Review of Bosnia Remade and Balkan Genocides

Draft review for the Journal of Genocide Research

Gerard Toal and Carl C. Dahlmann, Bosnia Remade: Ethnic Cleansing and Its Reversal, Oxford: Oxford University Press, 2011, 978-0-19-973036-0.
Paul Mojzes, Balkan Genocides: Holocaust and Ethnic Cleansing in the Twentieth Century, Lanham: Rowman and Littlefield, 2011, 978-1-4422-0663-2.

The anti-population violence during the Bosnian War of 1992-95 was, together with the mass murder in Rwanda in 1994, one of the seminal events for the public awareness of genocide in the period after the Cold War. Yet while the Rwandan Genocide has been clearly named and is the focus of ever-growing academic study, the significance of the Bosnian events remains highly contested and their study lacks the momentum of the Rwandan field. Most of the general literature dates from the 1990s, and there have been few recent attempts to synthesise the events themselves and their legacy. Gerard Toal and Carl C. Dahlmann’s Bosnia Remade, with its incisive empirical study of the problematic post-war ‘return’ of the expelled and its ambitious critical-geopolitical theoretical framework for understanding the war and its aftermath, is therefore a very welcome addition.

The authors’ primary aim is to evaluate the process of return of displaced people. Annexe 7 of the 1995 Dayton General Framework Agreement committed the international authorities supervising Bosnia to upholding this right in the aftermath of the war, and there followed what was probably the most determined attempt to enforce the return of expelled populations anywhere in the world. (Omar Bartov was therefore wrong to claim, in this journal, that the right of return is demanded only for Palestinians displaced by Israel.#) Although around a million, out of over two million, Bosnians expelled from their homes and home districts during the war had returned by 2004, Toal and Dahlmann’s analysis – using detailed studies of three key municipalities as well as general data – shows that most of these were ‘majority returns’, of people belonging to the same ethnic group as the postwar controllers of particular areas. ‘Minority returns’, of people belonging to different groups from local powerholders, were often met with violence and obstruction. Despite sometimes determined efforts by international bodies, they were largely unsuccessful.

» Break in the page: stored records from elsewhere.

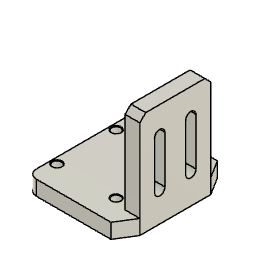
Magneto+Eddy+Mount (Autodesk Fusion 360 design; units mm, degrees)
Autodesk Fusion 360 part; units mm, degrees
note: some values were not read from the file. Chosen so that the rebuilt part matches the saved one: which face or edge a step refers to.
sketch "Skizze1" plane through (0, 0, 0) normal (0, 0, 1) x (1, 0, 0)
  circle A0 centre (0, 20) radius 1.5
  circle A1 centre (20, 20) radius 1.5
  circle A2 centre (0, 0) radius 1.5
  circle A3 centre (20, 0) radius 1.5
  line L0 (0, 30) -> (30, 30)
  line L1 (30, 30) -> (30, -10)
  line L2 (30, -10) -> (0, -10)
  line L3 (0, 30) -> (-2, 30)
  line L4 (0, -10) -> (-2, -10)
  line L5 (-2, -10) -> (-2, 30)
  line L6 (30, 30) -> (25, 30)
  line L7 (25, 30) -> (25, -10)
  line L8 (25, -10) -> (30, -10)
  line L9 (30, -10) -> (30, 30)
  dimension "d1" = 20
  dimension "d2" = 20
  dimension "d3" = 3
  dimension "d4" = 3
  dimension "d5" = 3
  dimension "d6" = 3
  dimension "d10" = 10
  dimension "d11" = 10
  dimension "d13" = 2
  dimension "d15" = 2
  constraint coincident A2.centre origin
  constraint horizontal L0
  constraint vertical L1
  constraint horizontal L2
  constraint perpendicular L3 L5
  constraint horizontal L6
  constraint vertical L7
  constraint horizontal L8
  constraint vertical L9
  constraint coincident L2 L7.end
  measures "d1" distance of A2.centre A3.centre
  measures "d2" distance of A2.centre A0.centre
  measures "d3" diameter of A0
  measures "d4" diameter of A1
  measures "d5" diameter of A2
  measures "d6" diameter of A3
  measures "d10" distance of A2.centre L2.end
  measures "d11" distance of A0.centre L0.start
  measures "d13" distance of L0.start L3.end
  measures "d15" distance of L2.end L4.end
extrude "Extrusion1" add sketch "Skizze1" along normal blind 5
extrude "Extrusion2" add sketch "Skizze1" along normal blind 35 contours L0 L1 L2 L6 L7 L8 L9
sketch "Skizze2" plane through (25, 0, 0) normal (-1, 0, 0) x (0, -1, 0)
  line L0 (-30, 5) -> (10, 5)
  line L1 (10, 5) -> (10, 35)
  line L2 (-30, 35) -> (-30, 5)
  line L3 (-13.5, 26) -> (-13.5, 10)
  line L4 (-3, 26) -> (-3, 10)
  line L5 (-17, 26) -> (-17, 10)
  line L6 (-6.5, 10) -> (-6.5, 26)
  arc A0 (-13.5, 26) -> (-17, 26) centre (-15.25, 26) ccw
  arc A1 (-3, 26) -> (-6.5, 26) centre (-4.75, 26) ccw
  arc A2 (-6.5, 10) -> (-3, 10) centre (-4.75, 10) ccw
  arc A3 (-17, 10) -> (-13.5, 10) centre (-15.25, 10) ccw
  dimension "d21" = 10.5
  dimension "d22" = 3.5
  dimension "d23" = 3.5
  dimension "d24" = 10.5
  dimension "d25" = 3.5
  dimension "d26" = 3.5
  constraint tangent L3 A3
  constraint tangent L4 A2
  constraint tangent L5 A3
  constraint tangent L6 A1
  constraint parallel L5 L6
  measures "d21" distance of A1.centre A0.centre
  measures "d22" diameter of A1
  measures "d23" diameter of A0
  measures "d24" distance of A3.centre A2.centre
  measures "d25" diameter of A2
  measures "d26" diameter of A3
extrude "Extrusion3" cut sketch "Skizze2" against normal blind 32
sketch "Skizze3" plane through (0, 0, 5) normal (0, 0, 1) x (-1, 0, 0)
  line L0 (-25, 10) -> (-25, -30)
  line L1 (-25, -30) -> (2, -30)
  line L2 (2, -30) -> (2, 10)
  line L3 (2, 10) -> (-25, 10)
  circle A0 centre (0, 0) radius 1.5
  circle A1 centre (-20, 0) radius 1.5
  circle A2 centre (0, -20) radius 1.5
  circle A3 centre (-20, -20) radius 1.5
  line L4 (-19, -17.5) -> (-25, -17.5)
  line L5 (-19, -2.5) -> (-25, -2.5)
  line L6 (-19, -17.5) -> (-19, -2.5)
extrude "Extrusion4" cut sketch "Skizze3" against normal blind 13 contours L0 L4 L5 L6
chamfer "Fase1" distance 10 angle 45 2 edges at (27.5, -10, 35) (27.5, 30, 35)
sketch "Skizze4" plane through (25, 0, 0) normal (-1, 0, 0) x (0, -1, 0)
  line L0 (-17, 10) -> (-17, 26)
  arc A0 (-13.5, 26) -> (-17, 26) centre (-15.25, 26) ccw
  line L1 (-13.5, 26) -> (-13.5, 10)
  arc A1 (-17, 10) -> (-13.5, 10) centre (-15.25, 10) ccw
  line L2 (-6.5, 10) -> (-6.5, 26)
  arc A2 (-3, 26) -> (-6.5, 26) centre (-4.75, 26) ccw
  line L3 (-3, 26) -> (-3, 10)
  arc A3 (-6.5, 10) -> (-3, 10) centre (-4.75, 10) ccw
  line L4 (-20, 35) -> (-30, 25)
  line L5 (-30, 25) -> (-30, 5)
  line L6 (-30, 5) -> (-17.5, 5)
  line L7 (-17.5, 5) -> (-17.5, 0)
  line L8 (-17.5, 0) -> (-2.5, 0)
  line L9 (-2.5, 0) -> (-2.5, 5)
  line L10 (-2.5, 5) -> (10, 5)
  line L11 (10, 5) -> (10, 25)
  line L12 (10, 25) -> (0, 35)
  line L13 (0, 35) -> (-20, 35)
  arc A4 (-2.5, 5) -> (-17.5, 5) centre (-10, -5) ccw
  constraint coincident L9.end L10.start
  constraint coincident L6.end L7.start
extrude "Extrusion5" cut sketch "Skizze4" against normal blind 6.5 contours L7 L8 L9 A4
fillet "Abrundung1" radius 3 2 edges at (19, 17.5, 2.5) (19, 2.5, 2.5)
fillet "Abrundung2" radius 2 2 edges at (-2, 30, 2.5) (-2, -10, 2.5)
sketch "Skizze5" plane through (0, -10, 0) normal (0, -1, 0) x (1, 0, 0)
  line L0 (0, 5) -> (0, 0)
  line L1 (0, 0) -> (30, 0)
  line L2 (30, 0) -> (30, 25)
  line L3 (30, 25) -> (25, 25)
  line L4 (25, 25) -> (25, 5)
  line L5 (25, 5) -> (0, 5)
  line L6 (30, 25) -> (25, 25)
  line L7 (25, 25) -> (25, 0)
  line L8 (25, 0) -> (30, 0)
  line L9 (30, 0) -> (30, 25)
  line L10 (25, 25, -40) -> (30, 25, -40)
  line L11 (30, 25, -40) -> (30, 0, -40)
  line L12 (30, 0, -40) -> (25, 0, -40)
  line L13 (25, 0, -40) -> (25, 25, -40)
  point P0 (25, 25)
  point P1 (30, 0)
  constraint horizontal L6
  constraint vertical L7
  constraint horizontal L8
  constraint vertical L9
  constraint coincident L2.end L3.start
  constraint coincident P1 L1.end
  constraint coincident P0 L3.end
sketch "Skizze5 (curves -40 mm off its plane)" plane through (0, 30, 0) normal (0, -1, 0) x (1, 0, 0)
  line L0 (25, 25) -> (30, 25)
  line L1 (30, 25) -> (30, 0)
  line L2 (30, 0) -> (25, 0)
  line L3 (25, 0) -> (25, 25)
extrude "Extrusion6" cut sketch "Skizze5 (curves -40 mm off its plane)" along normal blind 10
extrude "Extrusion7" cut sketch "Skizze5" against normal blind 10 contours L1 L2 L3 L4 L6 L7 L8 L9
extrude "Extrusion8" add 1 faces at (28.3333, 20, 10) along direction (0, 1, 0) blind 2
extrude "Extrusion9" add 1 faces at (28.3333, 0, 10) along direction (0, -1, 0) blind 2
extrude "Extrusion10" cut 1 faces at (28.3333, -7.3333, 25) along direction (0, 0, 1) blind 15
extrude "Extrusion11" cut 1 faces at (26.6667, 27.3333, 25) along direction (0, 0, 1) blind 15
sketch "Skizze6" plane through (0, 0, 5) normal (0, 0, 1) x (-1, 0, 0)
  arc A0 (2, 8) -> (0, 10) centre (0, 8) ccw
  line L0 (0, 10) -> (-25, 10)
  line L1 (-25, 10) -> (-25, 2)
  line L2 (-25, 2) -> (-25, -2.5)
  line L3 (-25, -2.5) -> (-22, -2.5)
  arc A1 (-19, -5.5) -> (-22, -2.5) centre (-22, -5.5) ccw
  line L4 (-19, -5.5) -> (-19, -14.5)
  arc A2 (-22, -17.5) -> (-19, -14.5) centre (-22, -14.5) ccw
  line L5 (-22, -17.5) -> (-25, -17.5)
  line L6 (-25, -17.5) -> (-25, -22)
  line L7 (-25, -22) -> (-25, -30)
  line L8 (-25, -30) -> (0, -30)
  arc A3 (0, -30) -> (2, -28) centre (0, -28) ccw
  line L9 (2, -28) -> (2, 8)
  circle A4 centre (-20, -20) radius 1.5
  circle A5 centre (0, -20) radius 1.5
  circle A6 centre (-20, 0) radius 1.5
  circle A7 centre (0, 0) radius 1.5
  line L10 (-30, 2, -5) -> (-25, 10, -5)
  line L11 (-25, 10, -5) -> (-25, 2, -5)
  line L12 (-25, 2, -5) -> (-30, 2, -5)
  line L13 (-30, -22, -5) -> (-25, -30, -5)
  line L14 (-25, -30, -5) -> (-25, -22, -5)
  line L15 (-25, -22, -5) -> (-30, -22, -5)
  point P0 (-30, 2)
  point P1 (-25, 10)
  point P2 (-25, 2)
  point P3 (-30, 2)
  point P4 (-30, -22)
  point P5 (-25, -30)
  point P6 (-25, -22)
  point P7 (-30, -22)
  constraint coincident P3 P0
  constraint coincident P1 L0.end
  constraint coincident P2 L1.end
  constraint coincident P7 P4
  constraint coincident P5 L7.end
  constraint coincident P6 L6.end
sketch "Skizze6 (curves -5 mm off its plane)" plane through (0, 0, 0) normal (0, 0, 1) x (-1, 0, 0)
  line L0 (-30, 2) -> (-25, 10)
  line L1 (-25, 10) -> (-25, 2)
  line L2 (-25, 2) -> (-30, 2)
  line L3 (-30, -22) -> (-25, -30)
  line L4 (-25, -30) -> (-25, -22)
  line L5 (-25, -22) -> (-30, -22)
extrude "Extrusion12" add sketch "Skizze6 (curves -5 mm off its plane)" along normal blind 5 contours L3 L4 L5
extrude "Extrusion13" add sketch "Skizze6 (curves -5 mm off its plane)" along normal blind 5 contours L0 L1 L2
chamfer "Fase2" distance 0.2 angle 45 4 edges at (18.6015, 20.5424, 5) (-1.3985, 20.5424, 5) (18.6015, 0.5424, 5) (-1.3985, 0.5424, 5)
extrude "Extrusion14" cut 1 faces at (16.6667, -10, 3.3333) along direction (0, 1, 0) blind 2
extrude "Extrusion15" cut 1 faces at (8.3333, 30, 3.3333) along direction (0, -1, 0) blind 2
extrude "Extrusion16" cut 1 faces at (25, 29.3333, 1.6667) along direction (1, 0, 0) blind 7
extrude "Extrusion17" cut 1 faces at (25, -9.3333, 3.3333) along direction (1, 0, 0) blind 7
extrude "Extrusion18" cut 1 faces at (0, 29.3333, 1.6667) along direction (-1, 0, 0) blind 7
extrude "Extrusion19" cut 1 faces at (0, -8.6667, 3.3333) along direction (-1, 0, 0) blind 9
fillet "Abrundung3" radius 3 1 edges at (-2, -8, 2.5)
fillet "Abrundung3" radius 3 1 edges at (-2, 28, 2.5)
extrude "Extrusion20" add 1 faces at (19, 11.5, 3.3333) along direction (1, 0, 0) blind 11
extrude "Extrusion21" add 1 faces at (22.6667, 14.5, 3.3333) along direction (0, 1, 0) blind 4
extrude "Extrusion22" add 1 faces at (22.6667, 5.5, 3.3333) along direction (0, -1, 0) blind 4
sketch "Skizze7" plane through (30, 0, 0) normal (1, 0, 0) x (0, 1, 0)
  line L0 (-2, 0) -> (22, 0)
  line L1 (22, 0) -> (22, 5)
  line L2 (22, 5) -> (22, 33)
  line L3 (22, 33) -> (20, 35)
  line L4 (20, 35) -> (0, 35)
  line L5 (0, 35) -> (-2, 33)
  line L6 (-2, 33) -> (-2, 5)
  line L7 (-2, 5) -> (-2, 0)
  line L8 (17.5, 5) -> (2.5, 5)
  arc A0 (17.5, 5) -> (2.5, 5) centre (10, -5) ccw
  line L9 (17, 26) -> (17, 10)
  arc A1 (13.5, 10) -> (17, 10) centre (15.25, 10) ccw
  line L10 (13.5, 10) -> (13.5, 26)
  arc A2 (17, 26) -> (13.5, 26) centre (15.25, 26) ccw
  line L11 (6.5, 26) -> (6.5, 10)
  arc A3 (3, 10) -> (6.5, 10) centre (4.75, 10) ccw
  line L12 (3, 10) -> (3, 26)
  arc A4 (6.5, 26) -> (3, 26) centre (4.75, 26) ccw
  line L13 (2, 8) -> (18, 8)
  line L14 (18, 8) -> (18, 3)
  line L15 (18, 3) -> (2, 3)
  line L16 (2, 3) -> (2, 8)
  constraint horizontal L13
  constraint vertical L14
  constraint horizontal L15
  constraint vertical L16
extrude "Extrusion23" add sketch "Skizze7" against normal blind 5 contours L8 A0 | L13 L14 L15 L16

This outcome is explained as a consequence of the character of the wartime processes that produced displacement and how the political structures that they produced were largely embedded in the postwar settlement, and explains why Bosnia Remade’s account of the returns process is preceded by a very full synthesis of the war itself and the original expulsion process. Ethnic cleansing, they say, was a ‘military tactic to realise a larger strategic vision … as much about seizing and consolidating territory as … about identity. More than simply the removal of an out-group from a location, ethnic cleansing involves the ethnicization of space.’ It is thus a form of geopolitics, involving two related practices, the attempts to produce a new ethnoterritorial order of space, and to build an ethnocratic political order. The latter involved a ‘fundamental reorganisation of a local political economy’, through ‘accumulation by dispossession’, with housing, land and valuables stolen (116-17). The phenomenon originated in the Serbian strategy ‘to reconstitute Yugoslavia as a smaller, more compact federation controlled from Belgrade’ (21) and Serbian nationalists were responsible for most expulsions, although the Croatians developed similar strategies in some areas and their ethnic cleansing in 1995 constituted its ‘largest single instance’ (6). Although Toal and Dahlmann ‘reject as lazy and irresponsible the nostrum that there is a “moral equivalence” between the fighting factions in Bosnia’ (17), they recognise that Bosnian forces were also responsible for some expulsions and show that Muslim-based parties sometimes blocked minority returns to areas they controlled after the war.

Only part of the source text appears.